Segment Start: Record set
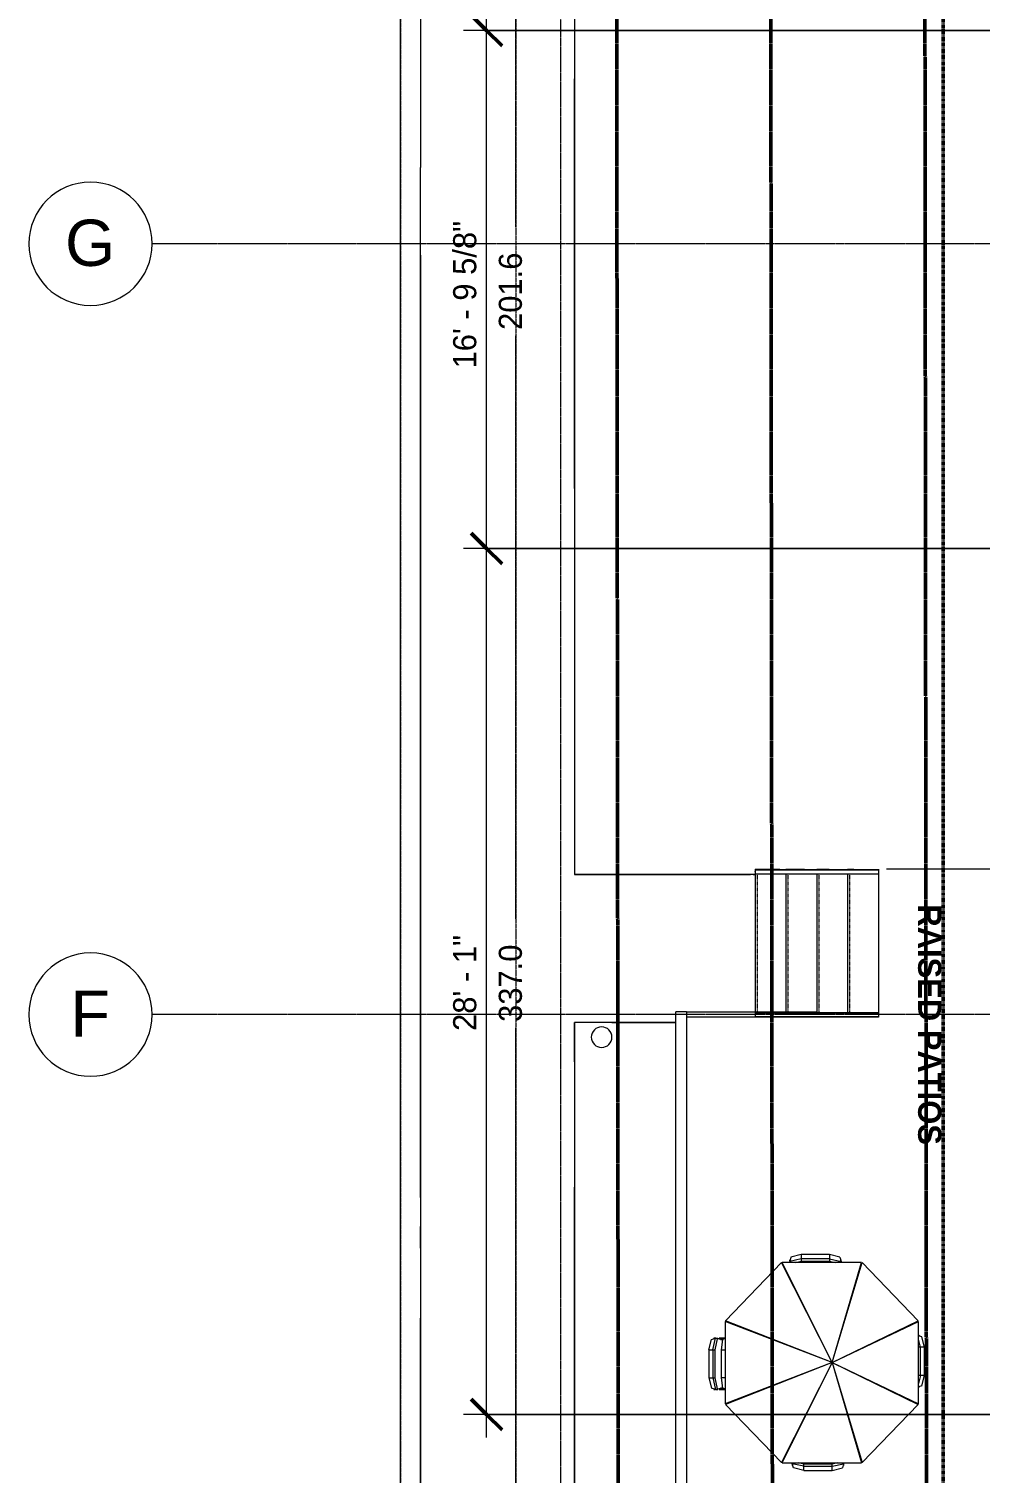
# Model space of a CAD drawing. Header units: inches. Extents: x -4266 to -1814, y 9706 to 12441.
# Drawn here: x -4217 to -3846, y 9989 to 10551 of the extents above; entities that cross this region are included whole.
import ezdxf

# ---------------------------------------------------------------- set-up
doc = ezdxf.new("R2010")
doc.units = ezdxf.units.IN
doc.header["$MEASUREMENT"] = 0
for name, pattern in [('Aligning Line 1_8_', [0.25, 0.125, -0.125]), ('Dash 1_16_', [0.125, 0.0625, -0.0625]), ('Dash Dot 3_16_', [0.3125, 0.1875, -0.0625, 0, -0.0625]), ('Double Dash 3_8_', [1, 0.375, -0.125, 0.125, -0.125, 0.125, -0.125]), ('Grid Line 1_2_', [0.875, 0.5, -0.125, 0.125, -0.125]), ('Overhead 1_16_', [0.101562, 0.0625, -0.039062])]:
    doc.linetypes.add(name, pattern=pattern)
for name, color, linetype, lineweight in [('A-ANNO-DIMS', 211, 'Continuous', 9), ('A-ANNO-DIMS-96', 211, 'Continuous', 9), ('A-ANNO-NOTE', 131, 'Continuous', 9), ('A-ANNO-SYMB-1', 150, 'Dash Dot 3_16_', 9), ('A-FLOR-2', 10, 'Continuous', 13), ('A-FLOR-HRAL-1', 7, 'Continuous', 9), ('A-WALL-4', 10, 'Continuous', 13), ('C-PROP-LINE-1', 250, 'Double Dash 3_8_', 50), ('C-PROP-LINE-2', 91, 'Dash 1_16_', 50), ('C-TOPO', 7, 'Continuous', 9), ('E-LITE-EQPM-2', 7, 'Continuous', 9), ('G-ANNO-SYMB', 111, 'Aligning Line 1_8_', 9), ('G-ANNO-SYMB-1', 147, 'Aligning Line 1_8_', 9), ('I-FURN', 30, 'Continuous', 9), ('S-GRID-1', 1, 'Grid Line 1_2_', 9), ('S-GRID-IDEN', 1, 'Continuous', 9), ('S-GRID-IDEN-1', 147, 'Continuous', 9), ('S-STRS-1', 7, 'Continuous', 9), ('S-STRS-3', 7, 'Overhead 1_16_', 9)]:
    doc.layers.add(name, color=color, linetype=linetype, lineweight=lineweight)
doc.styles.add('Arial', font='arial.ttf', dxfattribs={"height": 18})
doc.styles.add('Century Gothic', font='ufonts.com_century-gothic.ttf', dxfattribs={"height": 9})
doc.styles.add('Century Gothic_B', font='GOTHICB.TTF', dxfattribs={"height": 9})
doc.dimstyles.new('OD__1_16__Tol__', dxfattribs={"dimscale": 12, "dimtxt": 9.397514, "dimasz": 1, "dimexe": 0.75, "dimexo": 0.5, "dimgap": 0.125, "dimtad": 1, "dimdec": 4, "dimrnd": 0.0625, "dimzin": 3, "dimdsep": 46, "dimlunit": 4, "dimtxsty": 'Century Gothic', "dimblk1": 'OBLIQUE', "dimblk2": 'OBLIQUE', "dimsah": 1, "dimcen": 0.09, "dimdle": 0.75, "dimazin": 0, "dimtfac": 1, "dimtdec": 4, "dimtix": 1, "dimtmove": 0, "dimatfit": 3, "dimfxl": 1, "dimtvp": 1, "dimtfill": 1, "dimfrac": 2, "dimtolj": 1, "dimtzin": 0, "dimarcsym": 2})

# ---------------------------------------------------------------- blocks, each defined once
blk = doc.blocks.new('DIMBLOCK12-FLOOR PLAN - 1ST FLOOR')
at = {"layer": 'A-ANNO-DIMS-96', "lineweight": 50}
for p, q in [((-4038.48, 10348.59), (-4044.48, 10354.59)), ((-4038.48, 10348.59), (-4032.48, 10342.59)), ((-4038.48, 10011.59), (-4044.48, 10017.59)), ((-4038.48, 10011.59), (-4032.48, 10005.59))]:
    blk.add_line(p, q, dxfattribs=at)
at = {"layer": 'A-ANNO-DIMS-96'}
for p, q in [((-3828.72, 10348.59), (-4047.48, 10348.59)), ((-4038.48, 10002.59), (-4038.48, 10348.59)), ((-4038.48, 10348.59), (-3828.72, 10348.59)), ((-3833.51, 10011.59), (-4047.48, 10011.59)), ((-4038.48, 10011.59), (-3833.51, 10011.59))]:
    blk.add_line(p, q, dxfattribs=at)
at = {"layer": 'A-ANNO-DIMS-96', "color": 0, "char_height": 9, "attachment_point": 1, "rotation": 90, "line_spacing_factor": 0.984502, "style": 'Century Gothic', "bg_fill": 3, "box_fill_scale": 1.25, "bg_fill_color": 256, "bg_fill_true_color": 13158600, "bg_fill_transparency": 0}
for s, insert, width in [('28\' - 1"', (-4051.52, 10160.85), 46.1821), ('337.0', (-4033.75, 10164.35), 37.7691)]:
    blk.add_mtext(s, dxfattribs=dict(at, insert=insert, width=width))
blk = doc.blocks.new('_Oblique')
Segment End: Record set
• **Aim of the task**:
Leave out the pictures and copy everything else in the records word for word.

• **Answer to the exercise**:
# Model space of a CAD drawing. Header units: inches. Extents: x -4266 to -1814, y 9706 to 12441.
# Drawn here: x -4217 to -3846, y 9989 to 10551 of the extents above; entities that cross this region are included whole.
import ezdxf

# ---------------------------------------------------------------- set-up
doc = ezdxf.new("R2010")
doc.units = ezdxf.units.IN
doc.header["$MEASUREMENT"] = 0
for name, pattern in [('Aligning Line 1_8_', [0.25, 0.125, -0.125]), ('Dash 1_16_', [0.125, 0.0625, -0.0625]), ('Dash Dot 3_16_', [0.3125, 0.1875, -0.0625, 0, -0.0625]), ('Double Dash 3_8_', [1, 0.375, -0.125, 0.125, -0.125, 0.125, -0.125]), ('Grid Line 1_2_', [0.875, 0.5, -0.125, 0.125, -0.125]), ('Overhead 1_16_', [0.101562, 0.0625, -0.039062])]:
    doc.linetypes.add(name, pattern=pattern)
for name, color, linetype, lineweight in [('A-ANNO-DIMS', 211, 'Continuous', 9), ('A-ANNO-DIMS-96', 211, 'Continuous', 9), ('A-ANNO-NOTE', 131, 'Continuous', 9), ('A-ANNO-SYMB-1', 150, 'Dash Dot 3_16_', 9), ('A-FLOR-2', 10, 'Continuous', 13), ('A-FLOR-HRAL-1', 7, 'Continuous', 9), ('A-WALL-4', 10, 'Continuous', 13), ('C-PROP-LINE-1', 250, 'Double Dash 3_8_', 50), ('C-PROP-LINE-2', 91, 'Dash 1_16_', 50), ('C-TOPO', 7, 'Continuous', 9), ('E-LITE-EQPM-2', 7, 'Continuous', 9), ('G-ANNO-SYMB', 111, 'Aligning Line 1_8_', 9), ('G-ANNO-SYMB-1', 147, 'Aligning Line 1_8_', 9), ('I-FURN', 30, 'Continuous', 9), ('S-GRID-1', 1, 'Grid Line 1_2_', 9), ('S-GRID-IDEN', 1, 'Continuous', 9), ('S-GRID-IDEN-1', 147, 'Continuous', 9), ('S-STRS-1', 7, 'Continuous', 9), ('S-STRS-3', 7, 'Overhead 1_16_', 9)]:
    doc.layers.add(name, color=color, linetype=linetype, lineweight=lineweight)
doc.styles.add('Arial', font='arial.ttf', dxfattribs={"height": 18})
doc.styles.add('Century Gothic', font='ufonts.com_century-gothic.ttf', dxfattribs={"height": 9})
doc.styles.add('Century Gothic_B', font='GOTHICB.TTF', dxfattribs={"height": 9})
doc.dimstyles.new('OD__1_16__Tol__', dxfattribs={"dimscale": 12, "dimtxt": 9.397514, "dimasz": 1, "dimexe": 0.75, "dimexo": 0.5, "dimgap": 0.125, "dimtad": 1, "dimdec": 4, "dimrnd": 0.0625, "dimzin": 3, "dimdsep": 46, "dimlunit": 4, "dimtxsty": 'Century Gothic', "dimblk1": 'OBLIQUE', "dimblk2": 'OBLIQUE', "dimsah": 1, "dimcen": 0.09, "dimdle": 0.75, "dimazin": 0, "dimtfac": 1, "dimtdec": 4, "dimtix": 1, "dimtmove": 0, "dimatfit": 3, "dimfxl": 1, "dimtvp": 1, "dimtfill": 1, "dimfrac": 2, "dimtolj": 1, "dimtzin": 0, "dimarcsym": 2})

# ---------------------------------------------------------------- blocks, each defined once
blk = doc.blocks.new('DIMBLOCK12-FLOOR PLAN - 1ST FLOOR')
at = {"layer": 'A-ANNO-DIMS-96', "lineweight": 50}
for p, q in [((-4038.48, 10348.59), (-4044.48, 10354.59)), ((-4038.48, 10348.59), (-4032.48, 10342.59)), ((-4038.48, 10011.59), (-4044.48, 10017.59)), ((-4038.48, 10011.59), (-4032.48, 10005.59))]:
    blk.add_line(p, q, dxfattribs=at)
at = {"layer": 'A-ANNO-DIMS-96'}
for p, q in [((-3828.72, 10348.59), (-4047.48, 10348.59)), ((-4038.48, 10002.59), (-4038.48, 10348.59)), ((-4038.48, 10348.59), (-3828.72, 10348.59)), ((-3833.51, 10011.59), (-4047.48, 10011.59)), ((-4038.48, 10011.59), (-3833.51, 10011.59))]:
    blk.add_line(p, q, dxfattribs=at)
at = {"layer": 'A-ANNO-DIMS-96', "color": 0, "char_height": 9, "attachment_point": 1, "rotation": 90, "line_spacing_factor": 0.984502, "style": 'Century Gothic', "bg_fill": 3, "box_fill_scale": 1.25, "bg_fill_color": 256, "bg_fill_true_color": 13158600, "bg_fill_transparency": 0}
for s, insert, width in [('28\' - 1"', (-4051.52, 10160.85), 46.1821), ('337.0', (-4033.75, 10164.35), 37.7691)]:
    blk.add_mtext(s, dxfattribs=dict(at, insert=insert, width=width))
blk = doc.blocks.new('_Oblique')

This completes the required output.